How the GOP (and the Tea Party) Helped Kill SOPA 857
Hugh Pickens writes "Strengthening intellectual property enforcement has been a bipartisan issue for the past 25 years, but Stewart Baker writes in the Hollywood Reporter that when the fight went from the committees to the floor and Wikipedia went down, the Democratic and Republican parties reacted very differently to SOPA. 'Despite widespread opposition to SOPA from bloggers on the left, Democrats in Congress (and the administration) were reluctant to oppose the bill outright,' writes Baker. 'The MPAA was not shy about reminding them that Hollywood has been a reliable source of funding for Democratic candidates, and that it would not tolerate defections.' That very public message from the MPAA also reached another audience — Tea Party conservatives. Most of them had never given a second thought to intellectual property enforcement, but many had drawn support from conservative bloggers and they began to ask why they should risk the ire of their internet supporters to rescue an industry that was happily advertising how much it hated them." (Read on, below.)
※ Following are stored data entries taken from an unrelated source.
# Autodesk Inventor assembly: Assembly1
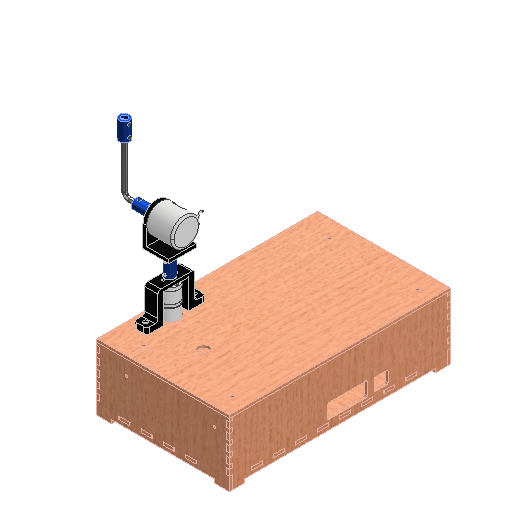
[picture p0: Inventor's stored thumbnail of the model, 512x512]
Saved by Autodesk Inventor 2025.2 (Build 292293000, 293)
## iProperties
Created: 2025-12-07
Part Number: Assembly1
Document SubType Name: Assembly
Designer: hazem
Author: hazem
## Documents named in this file (16)
- D:\Senior 2 MCT\Fall 2025\Hybrid Control\Project\CAD\Workspaces\Workspace\Assembly1.iam
- D:\Senior 2 MCT\Fall 2025\Hybrid Control\Project\CAD\Workspaces\Workspace\Encoder_Default_sldprt.ipt
- D:\Senior 2 MCT\Fall 2025\Hybrid Control\Project\CAD\Workspaces\Workspace\encoderBracketInventor.stp_Default_sldprt.ipt
- D:\Senior 2 MCT\Fall 2025\Hybrid Control\Project\CAD\Workspaces\Workspace\Motor_Default_sldprt.ipt
- D:\Senior 2 MCT\Fall 2025\Hybrid Control\Project\CAD\Workspaces\Workspace\Upper.ipt
- D:\Senior 2 MCT\Fall 2025\Hybrid Control\Project\CAD\Workspaces\Workspace\ground.ipt
- D:\Senior 2 MCT\Fall 2025\Hybrid Control\Project\CAD\Workspaces\Workspace\side.ipt
- D:\Senior 2 MCT\Fall 2025\Hybrid Control\Project\CAD\Workspaces\Workspace\Allen 5 mm.ipt
- D:\Senior 2 MCT\Fall 2025\Hybrid Control\Project\CAD\Workspaces\Workspace\Shaft Coupler 8-5mm.ipt
- D:\Senior 2 MCT\Fall 2025\Hybrid Control\Project\CAD\Workspaces\Workspace\side2.ipt
- D:\Senior 2 MCT\Fall 2025\Hybrid Control\Project\CAD\Workspaces\Workspace\back.ipt
- D:\Senior 2 MCT\Fall 2025\Hybrid Control\Project\CAD\Workspaces\Workspace\Front.ipt
- D:\Senior 2 MCT\Fall 2025\Hybrid Control\Project\CAD\Workspaces\Workspace\L connection.ipt
- D:\Senior 2 MCT\Fall 2025\Hybrid Control\Project\CAD\Workspaces\Workspace\Motor _Fixation.ipt
- D:\Senior 2 MCT\Fall 2025\Hybrid Control\Project\CAD\Workspaces\Workspace\AcoplamentoRigido8x8.ipt
- D:\Senior 2 MCT\Fall 2025\Hybrid Control\Project\CAD\Workspaces\Workspace\Motor Sleeve 0.2.ipt
## Components (22 placed, 15 different names)
1. ground:1 — Mate:31, Flush:12, Flush:13, Mate:39
2. Upper:1 — Flush:7, Flush:9, Flush:10, Mate:46, Mate:49, Mate:50, Mate:53
3. side:1 — Flush:7, Flush:9, Mate:31, Flush:12, Flush:13, Flush:17, Flush:20, Mate:44, Mate:45, Mate:47, Mate:48
4. side2:1 — Flush:10, Flush:18, Flush:21, Mate:51, Mate:52, Mate:54, Mate:55, Flush:22, Mate:56
5. Shaft Coupler 8-5mm:1 — Mate:35, Flush:14
6. Allen 5 mm:1 — Mate:35, Flush:14
7. back:1 — Mate:39, Flush:17, Flush:18, Mate:56, Mate:57
8. Front:1 — Flush:20, Flush:21, Flush:22
9. L connection:1 — Mate:47, Mate:48, Mate:49
10. L connection:2 — Mate:44, Mate:45, Mate:46, Mate:58
11. L connection:3 — Mate:50, Mate:51, Mate:52
12. L connection:4 — Mate:53, Mate:54, Mate:55, Mate:59
13. Motor _Fixation:1 — Mate:61, Mate:62, Mate:63, Mate:64
14. Motor_Default_sldprt:1 — Mate:60, Mate:61, Mate:62, Mate:65, Flush:23
15. Upper:2 — Mate:57, Mate:58, Mate:59, Mate:60, Mate:63, Mate:64
16. AcoplamentoRigido8x8:1 — Mate:66, Flush:24, Mate:67, Mate:68
17. Motor Sleeve 0.2:1 — Mate:65, Flush:23, Mate:66, Flush:24
18. Encoder_Default_sldprt:1 — Mate:69, Mate:70, Mate:71, Mate:72, Mate:75, Mate:76
19. encoderBracketInventor.stp_Default_sldprt:1 — Mate:67, Mate:68, Mate:69, Mate:70, Mate:71, Mate:72
20. Shaft Coupler 8-5mm:2 — Mate:74, Flush:26, Mate:75, Mate:76
21. Shaft Coupler 8-5mm:3 — Mate:73, Flush:25
22. Allen 5 mm:2 — Mate:73, Flush:25, Mate:74, Flush:26
## Relationships (51: Mate 36, Flush 15)
- Flush:7: Upper:1 ↔ side:1
- Flush:9: Upper:1 ↔ side:1
- Flush:10: Upper:1 ↔ side2:1
- Mate:31: ground:1 ↔ side:1
- Flush:12: ground:1 ↔ side:1
- Flush:13: ground:1 ↔ side:1
- Mate:35: Shaft Coupler 8-5mm:1 ↔ Allen 5 mm:1
- Flush:14: Shaft Coupler 8-5mm:1 ↔ Allen 5 mm:1
- Mate:39: ground:1 ↔ back:1
- Flush:17: side:1 ↔ back:1
- Flush:18: side2:1 ↔ back:1
- Flush:20: side:1 ↔ Front:1
- Flush:21: side2:1 ↔ Front:1
- Mate:44: side:1 ↔ L connection:2
- Mate:45: side:1 ↔ L connection:2
- Mate:46: Upper:1 ↔ L connection:2
- Mate:47: side:1 ↔ L connection:1
- Mate:48: side:1 ↔ L connection:1
- Mate:49: Upper:1 ↔ L connection:1
- Mate:50: Upper:1 ↔ L connection:3
- Mate:51: side2:1 ↔ L connection:3
- Mate:52: side2:1 ↔ L connection:3
- Mate:53: Upper:1 ↔ L connection:4
- Mate:54: side2:1 ↔ L connection:4
- Mate:55: side2:1 ↔ L connection:4
- Flush:22: side2:1 ↔ Front:1
- Mate:56: side2:1 ↔ back:1
- Mate:57: back:1 ↔ Upper:2
- Mate:58: L connection:2 ↔ Upper:2
- Mate:59: L connection:4 ↔ Upper:2
- Mate:60: Motor_Default_sldprt:1 ↔ Upper:2
- Mate:61: Motor _Fixation:1 ↔ Motor_Default_sldprt:1
- Mate:62: Motor _Fixation:1 ↔ Motor_Default_sldprt:1
- Mate:63: Motor _Fixation:1 ↔ Upper:2
- Mate:64: Motor _Fixation:1 ↔ Upper:2
- Mate:65: Motor_Default_sldprt:1 ↔ Motor Sleeve 0.2:1
- Flush:23: Motor_Default_sldprt:1 ↔ Motor Sleeve 0.2:1
- Mate:66: AcoplamentoRigido8x8:1 ↔ Motor Sleeve 0.2:1
- Flush:24: AcoplamentoRigido8x8:1 ↔ Motor Sleeve 0.2:1
- Mate:67: AcoplamentoRigido8x8:1 ↔ encoderBracketInventor.stp_Default_sldprt:1
- Mate:68: AcoplamentoRigido8x8:1 ↔ encoderBracketInventor.stp_Default_sldprt:1
- Mate:69: Encoder_Default_sldprt:1 ↔ encoderBracketInventor.stp_Default_sldprt:1
- Mate:70: Encoder_Default_sldprt:1 ↔ encoderBracketInventor.stp_Default_sldprt:1
- Mate:71: Encoder_Default_sldprt:1 ↔ encoderBracketInventor.stp_Default_sldprt:1
- Mate:72: Encoder_Default_sldprt:1 ↔ encoderBracketInventor.stp_Default_sldprt:1
- Mate:73: Shaft Coupler 8-5mm:3 ↔ Allen 5 mm:2
- Flush:25: Shaft Coupler 8-5mm:3 ↔ Allen 5 mm:2
- Mate:74: Shaft Coupler 8-5mm:2 ↔ Allen 5 mm:2
- Flush:26: Shaft Coupler 8-5mm:2 ↔ Allen 5 mm:2
- Mate:75: Encoder_Default_sldprt:1 ↔ Shaft Coupler 8-5mm:2
- Mate:76: Encoder_Default_sldprt:1 ↔ Shaft Coupler 8-5mm:2
## Named parameters: Wood_thickness = 4 mm

Pickens continues: "Pretty soon, far more Republicans than Democrats had bailed on SOPA, the Republican presidential candidates had all come out for what they called 'Internet freedom,' and now for Republicans, opposition to new intellectual property enforcement is starting to look like a political winner. 'It pleases conservative bloggers, appeals to young swing voters, stokes the culture wars and drives a wedge between two Democratic constituencies, Hollywood and Silicon Valley,' concludes Baker, adding that unfortunately for Hollywood, as its customers migrate to the Internet, it is losing not just their money but their hearts and minds as well."
here we go (Score:5, Funny)
made popcorn as soon as I saw this come up in red - have at it kids.
...And "Boom" Go the Heads in the /. Hive-Mind (Score:5, Funny)
This is the geek-world "Truth That Dare Not Speak It's Name," namely that it is the liberal/democrat machine that continues to give oxygen and sustenance to that e-e-e-e-e-e-evil content distribution industry. Maybe it's because so many of the artists themselves usually espouse left-wing politics, support the democratic candidates, and will not know how to earn a dime if technical progress continues to chip away at the struts in the old content/contract/distribution/residuals system.
"Popcorn," indeed...
Re:I'm glad I support the Republicans (Score:5, Funny)
Abortion is the taking of a human life. You don't think it's a human life? Um, what makes you qualified to determine what is human life and what is not?
More importantly, what makes you qualified to determine what is human life and what is not?
Excellent point. I'll err on the side of caution and assume that if it has human DNA, independent brain waves and a heart beat, then it is a living human being.
Or, we could wait a few years and ask it.